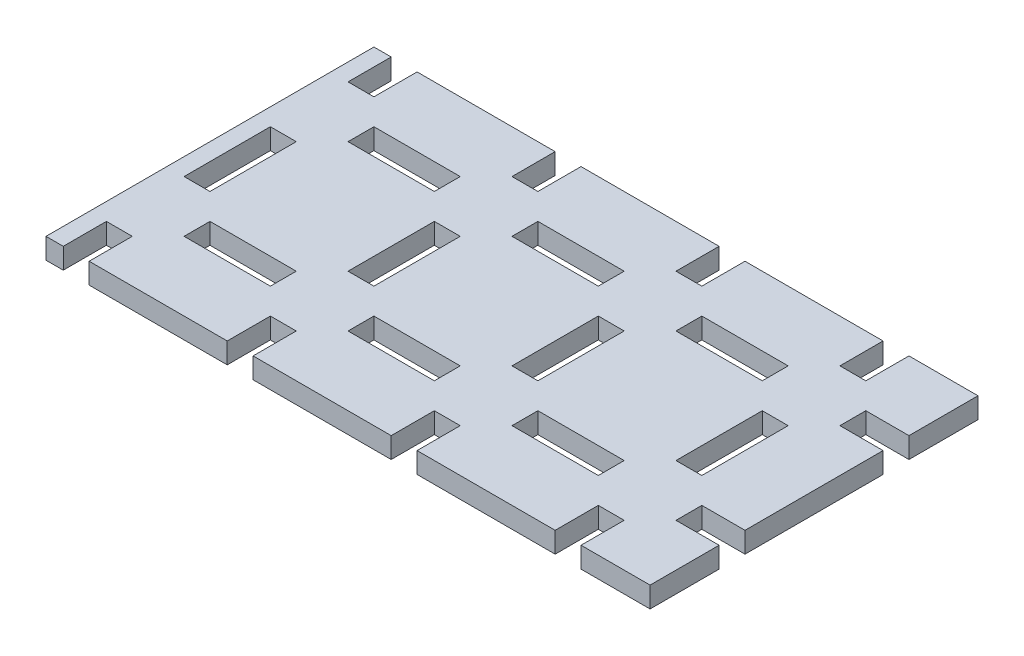
from build123d import *

# Parameters (mm, degrees)
ESQUISSE1_W             = 175
ESQUISSE1_H             = 95
BOSS_EXTRU_1_DEPTH      = 6
ESQUISSE9_W             = 25
ESQUISSE9_H             = 7.5
ESQUISSE9_W_2           = 12.5
ESQUISSE9_W_3           = 7.5
ESQUISSE9_H_2           = 12.5
ESQUISSE9_H_3           = 25
ENL_V_MAT_EXTRU_1_DEPTH = 6000


with BuildPart() as part:
    # Esquisse1 → Boss.-Extru.1 (new body)
    with BuildSketch(Plane(origin=(0, 0, 0), x_dir=(1, 0, 0), z_dir=(0, 1, 0))):
        with Locations((-87.5, -47.5)):
            Rectangle(ESQUISSE1_W, ESQUISSE1_H)
    extrude(amount=BOSS_EXTRU_1_DEPTH)

    # Esquisse9 → Enlèv. mat.-Extru.1 (cut)
    with BuildSketch(Plane(origin=(0, 6, 0), x_dir=(1, 0, 0), z_dir=(0, 1, 0))):
        with Locations((-142.5, -23.75)):
            Rectangle(ESQUISSE9_W, ESQUISSE9_H)
        with Locations((-142.5, -71.25)):
            Rectangle(ESQUISSE9_W, ESQUISSE9_H)
        with Locations((-95, -71.25)):
            Rectangle(ESQUISSE9_W, ESQUISSE9_H)
        with Locations((-95, -23.75)):
            Rectangle(ESQUISSE9_W, ESQUISSE9_H)
        with Locations((-47.5, -23.75)):
            Rectangle(ESQUISSE9_W, ESQUISSE9_H)
        with Locations((-6.25, -23.75)):
            Rectangle(ESQUISSE9_W_2, ESQUISSE9_H)
        with Locations((-47.5, -71.25)):
            Rectangle(ESQUISSE9_W, ESQUISSE9_H)
        with Locations((-6.25, -71.25)):
            Rectangle(ESQUISSE9_W_2, ESQUISSE9_H)
        with Locations((-166.25, -88.75)):
            Rectangle(ESQUISSE9_W_3, ESQUISSE9_H_2)
        with Locations((-166.25, -47.5)):
            Rectangle(ESQUISSE9_W_3, ESQUISSE9_H_3)
        with Locations((-166.25, -6.25)):
            Rectangle(ESQUISSE9_W_3, ESQUISSE9_H_2)
        with Locations((-118.75, -88.75)):
            Rectangle(ESQUISSE9_W_3, ESQUISSE9_H_2)
        with Locations((-71.25, -88.75)):
            Rectangle(ESQUISSE9_W_3, ESQUISSE9_H_2)
        with Locations((-23.75, -88.75)):
            Rectangle(ESQUISSE9_W_3, ESQUISSE9_H_2)
        with Locations((-118.75, -47.5)):
            Rectangle(ESQUISSE9_W_3, ESQUISSE9_H_3)
        with Locations((-71.25, -47.5)):
            Rectangle(ESQUISSE9_W_3, ESQUISSE9_H_3)
        with Locations((-23.75, -47.5)):
            Rectangle(ESQUISSE9_W_3, ESQUISSE9_H_3)
        with Locations((-118.75, -6.25)):
            Rectangle(ESQUISSE9_W_3, ESQUISSE9_H_2)
        with Locations((-71.25, -6.25)):
            Rectangle(ESQUISSE9_W_3, ESQUISSE9_H_2)
        with Locations((-23.75, -6.25)):
            Rectangle(ESQUISSE9_W_3, ESQUISSE9_H_2)
    extrude(amount=-ENL_V_MAT_EXTRU_1_DEPTH, mode=Mode.SUBTRACT)


solid = part.part

┄┄┄┄┄┄

Drop the pictures and copy the data exactly.

from build123d import *

# Parameters (mm, degrees)
ESQUISSE1_W             = 175
ESQUISSE1_H             = 95
BOSS_EXTRU_1_DEPTH      = 6
ESQUISSE9_W             = 25
ESQUISSE9_H             = 7.5
ESQUISSE9_W_2           = 12.5
ESQUISSE9_W_3           = 7.5
ESQUISSE9_H_2           = 12.5
ESQUISSE9_H_3           = 25
ENL_V_MAT_EXTRU_1_DEPTH = 6000


with BuildPart() as part:
    # Esquisse1 → Boss.-Extru.1 (new body)
    with BuildSketch(Plane(origin=(0, 0, 0), x_dir=(1, 0, 0), z_dir=(0, 1, 0))):
        with Locations((-87.5, -47.5)):
            Rectangle(ESQUISSE1_W, ESQUISSE1_H)
    extrude(amount=BOSS_EXTRU_1_DEPTH)

    # Esquisse9 → Enlèv. mat.-Extru.1 (cut)
    with BuildSketch(Plane(origin=(0, 6, 0), x_dir=(1, 0, 0), z_dir=(0, 1, 0))):
        with Locations((-142.5, -23.75)):
            Rectangle(ESQUISSE9_W, ESQUISSE9_H)
        with Locations((-142.5, -71.25)):
            Rectangle(ESQUISSE9_W, ESQUISSE9_H)
        with Locations((-95, -71.25)):
            Rectangle(ESQUISSE9_W, ESQUISSE9_H)
        with Locations((-95, -23.75)):
            Rectangle(ESQUISSE9_W, ESQUISSE9_H)
        with Locations((-47.5, -23.75)):
            Rectangle(ESQUISSE9_W, ESQUISSE9_H)
        with Locations((-6.25, -23.75)):
            Rectangle(ESQUISSE9_W_2, ESQUISSE9_H)
        with Locations((-47.5, -71.25)):
            Rectangle(ESQUISSE9_W, ESQUISSE9_H)
        with Locations((-6.25, -71.25)):
            Rectangle(ESQUISSE9_W_2, ESQUISSE9_H)
        with Locations((-166.25, -88.75)):
            Rectangle(ESQUISSE9_W_3, ESQUISSE9_H_2)
        with Locations((-166.25, -47.5)):
            Rectangle(ESQUISSE9_W_3, ESQUISSE9_H_3)
        with Locations((-166.25, -6.25)):
            Rectangle(ESQUISSE9_W_3, ESQUISSE9_H_2)
        with Locations((-118.75, -88.75)):
            Rectangle(ESQUISSE9_W_3, ESQUISSE9_H_2)
        with Locations((-71.25, -88.75)):
            Rectangle(ESQUISSE9_W_3, ESQUISSE9_H_2)
        with Locations((-23.75, -88.75)):
            Rectangle(ESQUISSE9_W_3, ESQUISSE9_H_2)
        with Locations((-118.75, -47.5)):
            Rectangle(ESQUISSE9_W_3, ESQUISSE9_H_3)
        with Locations((-71.25, -47.5)):
            Rectangle(ESQUISSE9_W_3, ESQUISSE9_H_3)
        with Locations((-23.75, -47.5)):
            Rectangle(ESQUISSE9_W_3, ESQUISSE9_H_3)
        with Locations((-118.75, -6.25)):
            Rectangle(ESQUISSE9_W_3, ESQUISSE9_H_2)
        with Locations((-71.25, -6.25)):
            Rectangle(ESQUISSE9_W_3, ESQUISSE9_H_2)
        with Locations((-23.75, -6.25)):
            Rectangle(ESQUISSE9_W_3, ESQUISSE9_H_2)
    extrude(amount=-ENL_V_MAT_EXTRU_1_DEPTH, mode=Mode.SUBTRACT)


solid = part.part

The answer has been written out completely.